START RECORD EXTRACTS

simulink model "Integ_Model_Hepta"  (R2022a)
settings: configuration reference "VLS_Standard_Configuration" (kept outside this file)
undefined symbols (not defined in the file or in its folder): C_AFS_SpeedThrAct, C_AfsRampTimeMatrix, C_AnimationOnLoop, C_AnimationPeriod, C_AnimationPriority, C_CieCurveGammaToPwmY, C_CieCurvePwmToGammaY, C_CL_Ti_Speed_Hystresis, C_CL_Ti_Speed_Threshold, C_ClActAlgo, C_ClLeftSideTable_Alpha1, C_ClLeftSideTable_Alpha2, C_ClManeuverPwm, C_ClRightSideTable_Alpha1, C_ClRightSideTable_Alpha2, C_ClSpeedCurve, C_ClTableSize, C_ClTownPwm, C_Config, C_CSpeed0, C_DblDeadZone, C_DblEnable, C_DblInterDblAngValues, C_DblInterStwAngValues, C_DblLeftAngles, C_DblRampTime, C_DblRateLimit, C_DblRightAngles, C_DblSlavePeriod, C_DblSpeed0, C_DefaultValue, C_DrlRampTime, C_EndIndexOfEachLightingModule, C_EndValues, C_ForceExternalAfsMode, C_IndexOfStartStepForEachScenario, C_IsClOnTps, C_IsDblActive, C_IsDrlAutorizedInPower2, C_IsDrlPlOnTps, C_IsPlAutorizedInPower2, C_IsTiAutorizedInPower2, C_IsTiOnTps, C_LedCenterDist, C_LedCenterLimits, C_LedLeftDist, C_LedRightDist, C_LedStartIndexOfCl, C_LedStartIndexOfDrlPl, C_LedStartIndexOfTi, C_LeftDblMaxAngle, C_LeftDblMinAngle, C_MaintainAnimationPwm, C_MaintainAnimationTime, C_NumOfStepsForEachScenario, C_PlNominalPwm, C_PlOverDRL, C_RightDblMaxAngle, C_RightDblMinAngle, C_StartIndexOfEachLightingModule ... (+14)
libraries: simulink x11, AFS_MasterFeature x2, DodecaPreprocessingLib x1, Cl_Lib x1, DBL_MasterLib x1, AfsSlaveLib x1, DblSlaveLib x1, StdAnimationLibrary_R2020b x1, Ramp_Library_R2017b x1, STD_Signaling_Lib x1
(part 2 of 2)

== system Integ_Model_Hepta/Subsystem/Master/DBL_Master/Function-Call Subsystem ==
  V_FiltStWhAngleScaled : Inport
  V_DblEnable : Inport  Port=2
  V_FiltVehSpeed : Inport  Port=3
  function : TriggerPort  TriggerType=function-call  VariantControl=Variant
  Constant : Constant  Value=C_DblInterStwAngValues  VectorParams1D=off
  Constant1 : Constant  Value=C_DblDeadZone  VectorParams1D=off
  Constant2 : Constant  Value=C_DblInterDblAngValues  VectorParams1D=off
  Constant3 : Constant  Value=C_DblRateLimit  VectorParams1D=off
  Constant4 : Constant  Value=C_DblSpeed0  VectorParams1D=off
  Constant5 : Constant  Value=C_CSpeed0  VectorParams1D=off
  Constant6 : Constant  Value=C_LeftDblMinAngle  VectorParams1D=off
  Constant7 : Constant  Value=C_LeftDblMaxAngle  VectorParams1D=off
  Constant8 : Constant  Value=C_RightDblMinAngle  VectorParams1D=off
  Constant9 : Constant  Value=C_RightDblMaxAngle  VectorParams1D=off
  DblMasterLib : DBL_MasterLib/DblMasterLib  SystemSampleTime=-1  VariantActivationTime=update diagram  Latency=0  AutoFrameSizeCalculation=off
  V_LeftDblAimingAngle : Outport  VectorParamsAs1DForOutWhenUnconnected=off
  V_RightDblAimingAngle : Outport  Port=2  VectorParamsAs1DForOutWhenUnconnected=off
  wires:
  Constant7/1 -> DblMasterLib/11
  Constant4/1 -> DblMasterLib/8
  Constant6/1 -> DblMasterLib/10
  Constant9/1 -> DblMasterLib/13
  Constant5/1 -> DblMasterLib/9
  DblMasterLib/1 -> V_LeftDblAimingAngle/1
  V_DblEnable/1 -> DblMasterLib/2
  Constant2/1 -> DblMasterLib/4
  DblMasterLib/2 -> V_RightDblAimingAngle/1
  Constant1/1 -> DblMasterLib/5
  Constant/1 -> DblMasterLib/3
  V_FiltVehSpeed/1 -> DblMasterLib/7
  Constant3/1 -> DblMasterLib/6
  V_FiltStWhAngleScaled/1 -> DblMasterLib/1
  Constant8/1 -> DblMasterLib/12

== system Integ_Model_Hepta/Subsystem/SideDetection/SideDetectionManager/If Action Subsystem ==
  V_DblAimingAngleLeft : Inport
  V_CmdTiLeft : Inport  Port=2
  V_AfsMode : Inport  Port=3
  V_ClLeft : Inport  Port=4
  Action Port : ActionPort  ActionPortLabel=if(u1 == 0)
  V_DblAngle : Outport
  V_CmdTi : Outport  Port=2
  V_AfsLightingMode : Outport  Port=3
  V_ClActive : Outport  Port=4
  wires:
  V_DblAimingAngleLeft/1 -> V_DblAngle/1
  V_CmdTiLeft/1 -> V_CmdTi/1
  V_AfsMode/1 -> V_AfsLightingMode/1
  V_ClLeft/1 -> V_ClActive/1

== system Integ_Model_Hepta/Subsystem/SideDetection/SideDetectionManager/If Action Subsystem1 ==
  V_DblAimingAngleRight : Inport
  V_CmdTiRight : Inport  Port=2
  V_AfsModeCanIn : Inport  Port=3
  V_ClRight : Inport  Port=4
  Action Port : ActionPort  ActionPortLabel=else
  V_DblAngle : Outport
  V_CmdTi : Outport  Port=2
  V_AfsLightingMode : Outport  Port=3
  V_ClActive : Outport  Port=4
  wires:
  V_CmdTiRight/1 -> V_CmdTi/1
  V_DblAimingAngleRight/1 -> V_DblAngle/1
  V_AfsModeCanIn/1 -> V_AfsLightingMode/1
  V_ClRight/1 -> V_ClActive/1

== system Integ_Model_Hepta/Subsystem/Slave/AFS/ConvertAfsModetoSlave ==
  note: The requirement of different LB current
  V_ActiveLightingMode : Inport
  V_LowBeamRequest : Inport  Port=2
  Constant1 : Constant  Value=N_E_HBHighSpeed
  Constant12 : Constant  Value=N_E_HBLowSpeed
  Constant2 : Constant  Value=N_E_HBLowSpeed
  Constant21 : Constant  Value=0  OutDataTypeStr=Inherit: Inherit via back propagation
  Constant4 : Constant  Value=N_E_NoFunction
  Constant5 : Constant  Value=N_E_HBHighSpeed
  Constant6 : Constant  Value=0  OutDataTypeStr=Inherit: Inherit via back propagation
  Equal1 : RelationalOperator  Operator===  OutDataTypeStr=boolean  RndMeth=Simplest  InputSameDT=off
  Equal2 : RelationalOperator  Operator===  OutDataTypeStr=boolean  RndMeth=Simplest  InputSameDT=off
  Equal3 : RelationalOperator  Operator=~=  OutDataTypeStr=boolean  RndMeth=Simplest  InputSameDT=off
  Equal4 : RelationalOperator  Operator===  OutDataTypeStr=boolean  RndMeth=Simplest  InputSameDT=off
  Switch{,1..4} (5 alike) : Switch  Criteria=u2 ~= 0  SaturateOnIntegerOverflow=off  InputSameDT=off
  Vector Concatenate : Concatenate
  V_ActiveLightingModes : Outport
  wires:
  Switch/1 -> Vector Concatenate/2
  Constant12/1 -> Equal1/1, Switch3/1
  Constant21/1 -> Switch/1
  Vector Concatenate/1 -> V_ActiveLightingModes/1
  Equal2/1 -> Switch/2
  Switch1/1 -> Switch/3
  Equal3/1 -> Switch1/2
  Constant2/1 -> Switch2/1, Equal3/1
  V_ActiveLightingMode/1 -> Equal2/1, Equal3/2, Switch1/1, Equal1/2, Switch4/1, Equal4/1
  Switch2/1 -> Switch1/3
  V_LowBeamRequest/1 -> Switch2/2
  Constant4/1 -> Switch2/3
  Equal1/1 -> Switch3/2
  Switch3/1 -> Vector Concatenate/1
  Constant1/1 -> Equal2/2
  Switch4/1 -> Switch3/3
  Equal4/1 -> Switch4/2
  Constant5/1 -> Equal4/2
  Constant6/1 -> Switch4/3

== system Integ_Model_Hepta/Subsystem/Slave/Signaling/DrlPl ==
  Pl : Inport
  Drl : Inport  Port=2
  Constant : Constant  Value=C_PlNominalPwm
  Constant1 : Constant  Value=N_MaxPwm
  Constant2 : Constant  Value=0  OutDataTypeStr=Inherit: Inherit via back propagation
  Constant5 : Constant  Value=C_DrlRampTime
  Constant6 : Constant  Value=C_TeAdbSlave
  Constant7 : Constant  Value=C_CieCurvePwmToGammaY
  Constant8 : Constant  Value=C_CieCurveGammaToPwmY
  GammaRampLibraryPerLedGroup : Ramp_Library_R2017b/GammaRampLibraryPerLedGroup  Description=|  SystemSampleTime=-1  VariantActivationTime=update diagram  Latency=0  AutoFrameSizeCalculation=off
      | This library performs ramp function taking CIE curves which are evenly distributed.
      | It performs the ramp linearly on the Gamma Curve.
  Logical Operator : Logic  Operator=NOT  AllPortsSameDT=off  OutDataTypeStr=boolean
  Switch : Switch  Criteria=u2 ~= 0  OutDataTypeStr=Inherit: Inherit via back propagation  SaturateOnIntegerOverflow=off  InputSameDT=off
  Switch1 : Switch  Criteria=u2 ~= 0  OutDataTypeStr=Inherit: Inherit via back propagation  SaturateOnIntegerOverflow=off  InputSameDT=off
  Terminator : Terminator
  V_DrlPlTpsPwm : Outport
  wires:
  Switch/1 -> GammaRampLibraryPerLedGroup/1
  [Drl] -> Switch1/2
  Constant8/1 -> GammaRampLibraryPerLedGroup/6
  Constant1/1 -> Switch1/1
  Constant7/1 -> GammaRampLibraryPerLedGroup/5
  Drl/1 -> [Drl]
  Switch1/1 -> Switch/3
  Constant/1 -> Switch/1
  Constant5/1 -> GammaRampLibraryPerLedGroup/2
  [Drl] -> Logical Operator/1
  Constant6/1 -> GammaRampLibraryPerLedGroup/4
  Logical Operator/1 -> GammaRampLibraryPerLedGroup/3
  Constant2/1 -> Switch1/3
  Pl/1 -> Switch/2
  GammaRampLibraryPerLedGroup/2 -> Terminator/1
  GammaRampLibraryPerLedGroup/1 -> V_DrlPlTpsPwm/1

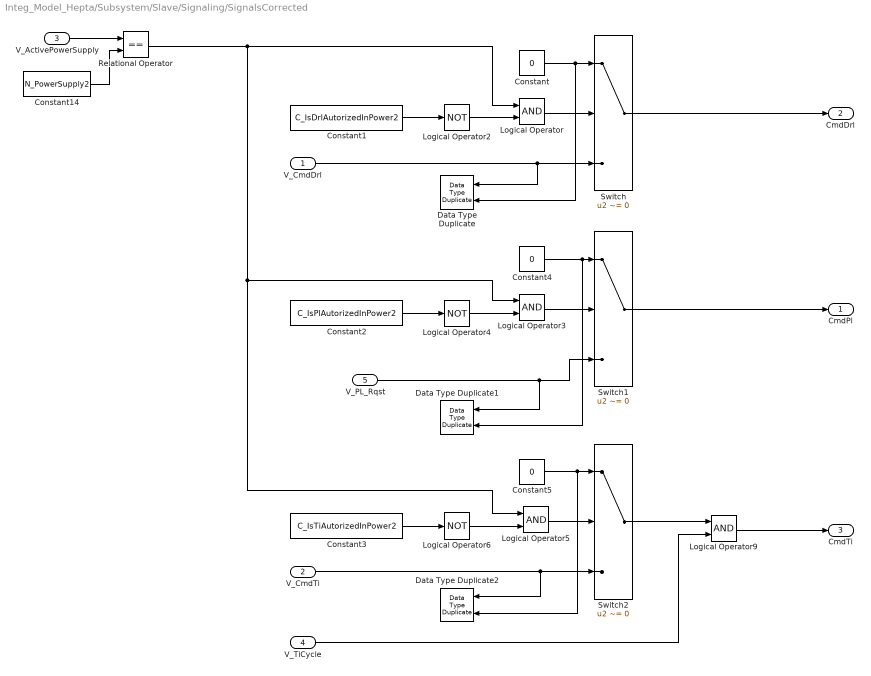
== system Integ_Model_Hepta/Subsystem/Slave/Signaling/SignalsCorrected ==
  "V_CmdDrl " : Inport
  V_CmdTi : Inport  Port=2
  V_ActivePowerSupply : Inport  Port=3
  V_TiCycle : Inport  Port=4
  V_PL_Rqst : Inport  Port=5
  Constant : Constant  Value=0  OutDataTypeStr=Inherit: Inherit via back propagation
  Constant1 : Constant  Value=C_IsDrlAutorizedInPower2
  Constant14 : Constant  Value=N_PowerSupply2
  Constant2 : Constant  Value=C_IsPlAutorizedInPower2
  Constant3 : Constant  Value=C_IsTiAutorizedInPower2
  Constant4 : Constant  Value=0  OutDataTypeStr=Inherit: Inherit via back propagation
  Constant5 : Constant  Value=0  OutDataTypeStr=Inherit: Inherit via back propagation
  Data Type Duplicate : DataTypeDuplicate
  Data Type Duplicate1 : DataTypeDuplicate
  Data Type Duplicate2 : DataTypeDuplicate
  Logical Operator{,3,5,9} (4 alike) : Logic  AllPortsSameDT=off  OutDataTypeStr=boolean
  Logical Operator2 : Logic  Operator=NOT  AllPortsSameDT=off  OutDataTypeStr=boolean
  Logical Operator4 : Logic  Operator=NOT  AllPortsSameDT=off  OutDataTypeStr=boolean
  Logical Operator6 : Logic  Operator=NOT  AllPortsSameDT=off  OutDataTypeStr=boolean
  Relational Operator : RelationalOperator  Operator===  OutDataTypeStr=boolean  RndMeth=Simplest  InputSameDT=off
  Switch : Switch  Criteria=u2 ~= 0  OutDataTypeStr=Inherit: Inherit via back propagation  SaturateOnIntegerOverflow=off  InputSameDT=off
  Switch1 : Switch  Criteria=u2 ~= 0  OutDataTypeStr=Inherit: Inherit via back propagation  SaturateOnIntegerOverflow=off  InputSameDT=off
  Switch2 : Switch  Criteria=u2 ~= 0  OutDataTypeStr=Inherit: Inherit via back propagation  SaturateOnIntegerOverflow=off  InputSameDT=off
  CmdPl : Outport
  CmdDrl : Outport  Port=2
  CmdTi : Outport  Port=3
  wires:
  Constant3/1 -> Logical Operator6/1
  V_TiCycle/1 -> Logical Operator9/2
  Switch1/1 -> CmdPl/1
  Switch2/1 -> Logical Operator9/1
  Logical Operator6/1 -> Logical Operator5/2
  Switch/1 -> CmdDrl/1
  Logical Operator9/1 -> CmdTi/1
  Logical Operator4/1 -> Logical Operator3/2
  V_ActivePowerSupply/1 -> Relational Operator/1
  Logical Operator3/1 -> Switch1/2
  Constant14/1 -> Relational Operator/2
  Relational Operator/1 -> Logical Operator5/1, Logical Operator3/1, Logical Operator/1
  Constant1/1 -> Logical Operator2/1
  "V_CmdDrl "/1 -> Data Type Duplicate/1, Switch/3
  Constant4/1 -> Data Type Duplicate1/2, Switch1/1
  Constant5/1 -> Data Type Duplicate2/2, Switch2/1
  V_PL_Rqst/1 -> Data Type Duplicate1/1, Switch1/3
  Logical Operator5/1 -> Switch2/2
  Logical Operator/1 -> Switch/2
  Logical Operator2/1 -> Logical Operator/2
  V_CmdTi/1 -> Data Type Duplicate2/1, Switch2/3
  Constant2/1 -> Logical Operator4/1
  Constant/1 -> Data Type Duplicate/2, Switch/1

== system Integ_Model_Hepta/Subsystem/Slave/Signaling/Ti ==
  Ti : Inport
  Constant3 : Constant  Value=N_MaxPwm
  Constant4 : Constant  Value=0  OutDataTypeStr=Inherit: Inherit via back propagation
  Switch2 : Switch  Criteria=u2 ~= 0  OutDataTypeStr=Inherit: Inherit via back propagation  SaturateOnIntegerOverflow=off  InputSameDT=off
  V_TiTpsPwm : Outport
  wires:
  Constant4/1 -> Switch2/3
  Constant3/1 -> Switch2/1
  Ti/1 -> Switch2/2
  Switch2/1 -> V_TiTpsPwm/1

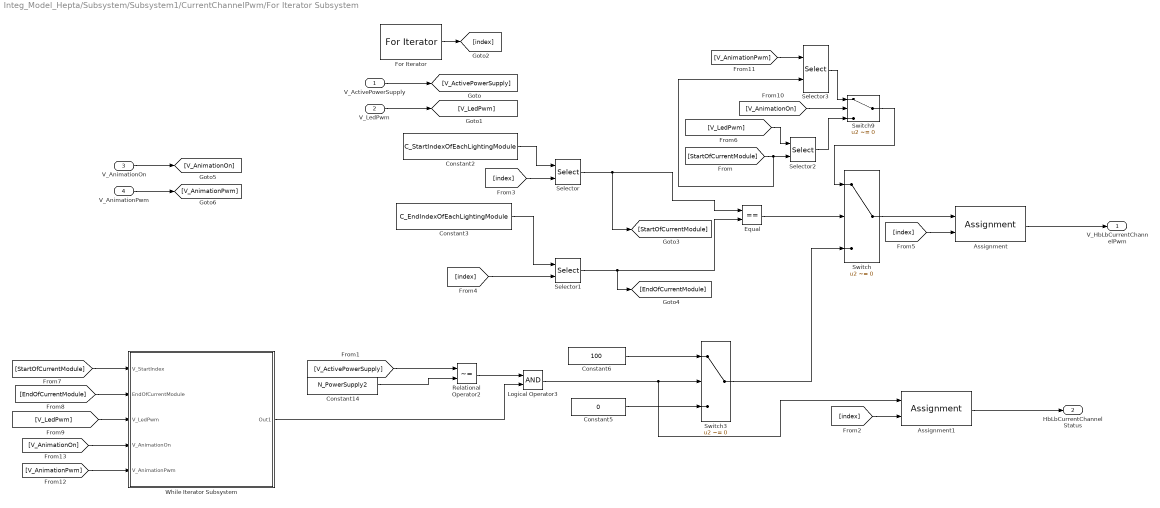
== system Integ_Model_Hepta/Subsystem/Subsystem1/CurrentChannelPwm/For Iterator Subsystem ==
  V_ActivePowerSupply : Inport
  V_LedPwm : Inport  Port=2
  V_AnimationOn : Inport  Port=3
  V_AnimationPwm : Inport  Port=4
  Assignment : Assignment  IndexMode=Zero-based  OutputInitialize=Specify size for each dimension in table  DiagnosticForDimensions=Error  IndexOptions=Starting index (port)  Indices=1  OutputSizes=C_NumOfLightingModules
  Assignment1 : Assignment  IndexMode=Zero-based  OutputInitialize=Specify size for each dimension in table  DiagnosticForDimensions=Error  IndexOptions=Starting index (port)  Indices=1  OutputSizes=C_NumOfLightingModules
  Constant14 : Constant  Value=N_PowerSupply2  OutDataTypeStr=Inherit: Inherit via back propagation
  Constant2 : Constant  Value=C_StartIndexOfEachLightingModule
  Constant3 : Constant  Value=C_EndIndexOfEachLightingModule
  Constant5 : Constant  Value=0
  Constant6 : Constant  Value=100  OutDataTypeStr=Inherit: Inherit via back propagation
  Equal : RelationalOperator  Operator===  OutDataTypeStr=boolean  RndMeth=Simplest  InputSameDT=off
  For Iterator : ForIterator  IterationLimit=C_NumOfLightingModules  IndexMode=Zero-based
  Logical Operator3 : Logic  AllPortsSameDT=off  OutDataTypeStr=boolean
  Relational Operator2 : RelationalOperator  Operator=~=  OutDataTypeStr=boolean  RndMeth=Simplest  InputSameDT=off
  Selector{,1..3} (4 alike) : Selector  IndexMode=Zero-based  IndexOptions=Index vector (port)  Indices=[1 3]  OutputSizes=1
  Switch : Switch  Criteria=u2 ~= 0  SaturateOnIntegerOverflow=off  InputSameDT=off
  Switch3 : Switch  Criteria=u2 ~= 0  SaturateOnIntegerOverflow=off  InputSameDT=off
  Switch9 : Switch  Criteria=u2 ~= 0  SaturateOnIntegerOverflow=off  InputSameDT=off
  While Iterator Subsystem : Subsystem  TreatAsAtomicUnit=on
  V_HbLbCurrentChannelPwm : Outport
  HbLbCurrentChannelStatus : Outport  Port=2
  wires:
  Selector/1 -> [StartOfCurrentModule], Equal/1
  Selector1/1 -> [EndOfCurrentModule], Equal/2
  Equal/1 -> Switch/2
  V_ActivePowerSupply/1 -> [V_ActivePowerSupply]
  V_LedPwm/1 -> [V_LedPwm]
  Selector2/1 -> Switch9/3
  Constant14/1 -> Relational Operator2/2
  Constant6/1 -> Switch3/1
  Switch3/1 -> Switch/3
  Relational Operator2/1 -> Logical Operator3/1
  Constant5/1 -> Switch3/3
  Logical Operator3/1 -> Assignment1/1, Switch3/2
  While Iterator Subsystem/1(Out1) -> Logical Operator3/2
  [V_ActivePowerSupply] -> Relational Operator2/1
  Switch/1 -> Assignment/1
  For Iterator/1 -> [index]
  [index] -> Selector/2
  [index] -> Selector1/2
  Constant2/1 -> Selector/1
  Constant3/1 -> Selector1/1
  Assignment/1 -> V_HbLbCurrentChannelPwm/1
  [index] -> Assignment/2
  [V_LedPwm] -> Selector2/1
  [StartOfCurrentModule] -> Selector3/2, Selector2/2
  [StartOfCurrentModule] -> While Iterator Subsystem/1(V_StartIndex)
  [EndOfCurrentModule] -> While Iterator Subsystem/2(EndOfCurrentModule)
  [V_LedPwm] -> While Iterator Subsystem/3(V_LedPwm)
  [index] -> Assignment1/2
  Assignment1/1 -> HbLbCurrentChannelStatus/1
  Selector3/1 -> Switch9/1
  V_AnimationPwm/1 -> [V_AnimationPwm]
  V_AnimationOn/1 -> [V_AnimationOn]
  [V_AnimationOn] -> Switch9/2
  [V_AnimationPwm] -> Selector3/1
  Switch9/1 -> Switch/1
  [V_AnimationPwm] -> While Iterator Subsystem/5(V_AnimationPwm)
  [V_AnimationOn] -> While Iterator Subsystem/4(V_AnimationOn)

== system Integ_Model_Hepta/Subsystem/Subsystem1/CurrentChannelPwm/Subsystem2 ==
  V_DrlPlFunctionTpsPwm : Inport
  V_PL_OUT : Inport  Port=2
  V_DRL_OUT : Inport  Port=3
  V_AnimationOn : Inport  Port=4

END RECORD EXTRACTS

- [WHAT YOU NEED TO DO]:
Give back, unchanged, the run of lines in the listing above that begins at the line containing "Vector Concatenate/1 ->" and ends at the line containing "Drl : Inport", both included.

- [ANSWER]:
  Vector Concatenate/1 -> V_ActiveLightingModes/1
  Equal2/1 -> Switch/2
  Switch1/1 -> Switch/3
  Equal3/1 -> Switch1/2
  Constant2/1 -> Switch2/1, Equal3/1
  V_ActiveLightingMode/1 -> Equal2/1, Equal3/2, Switch1/1, Equal1/2, Switch4/1, Equal4/1
  Switch2/1 -> Switch1/3
  V_LowBeamRequest/1 -> Switch2/2
  Constant4/1 -> Switch2/3
  Equal1/1 -> Switch3/2
  Switch3/1 -> Vector Concatenate/1
  Constant1/1 -> Equal2/2
  Switch4/1 -> Switch3/3
  Equal4/1 -> Switch4/2
  Constant5/1 -> Equal4/2
  Constant6/1 -> Switch4/3

== system Integ_Model_Hepta/Subsystem/Slave/Signaling/DrlPl ==
  Pl : Inport
  Drl : Inport  Port=2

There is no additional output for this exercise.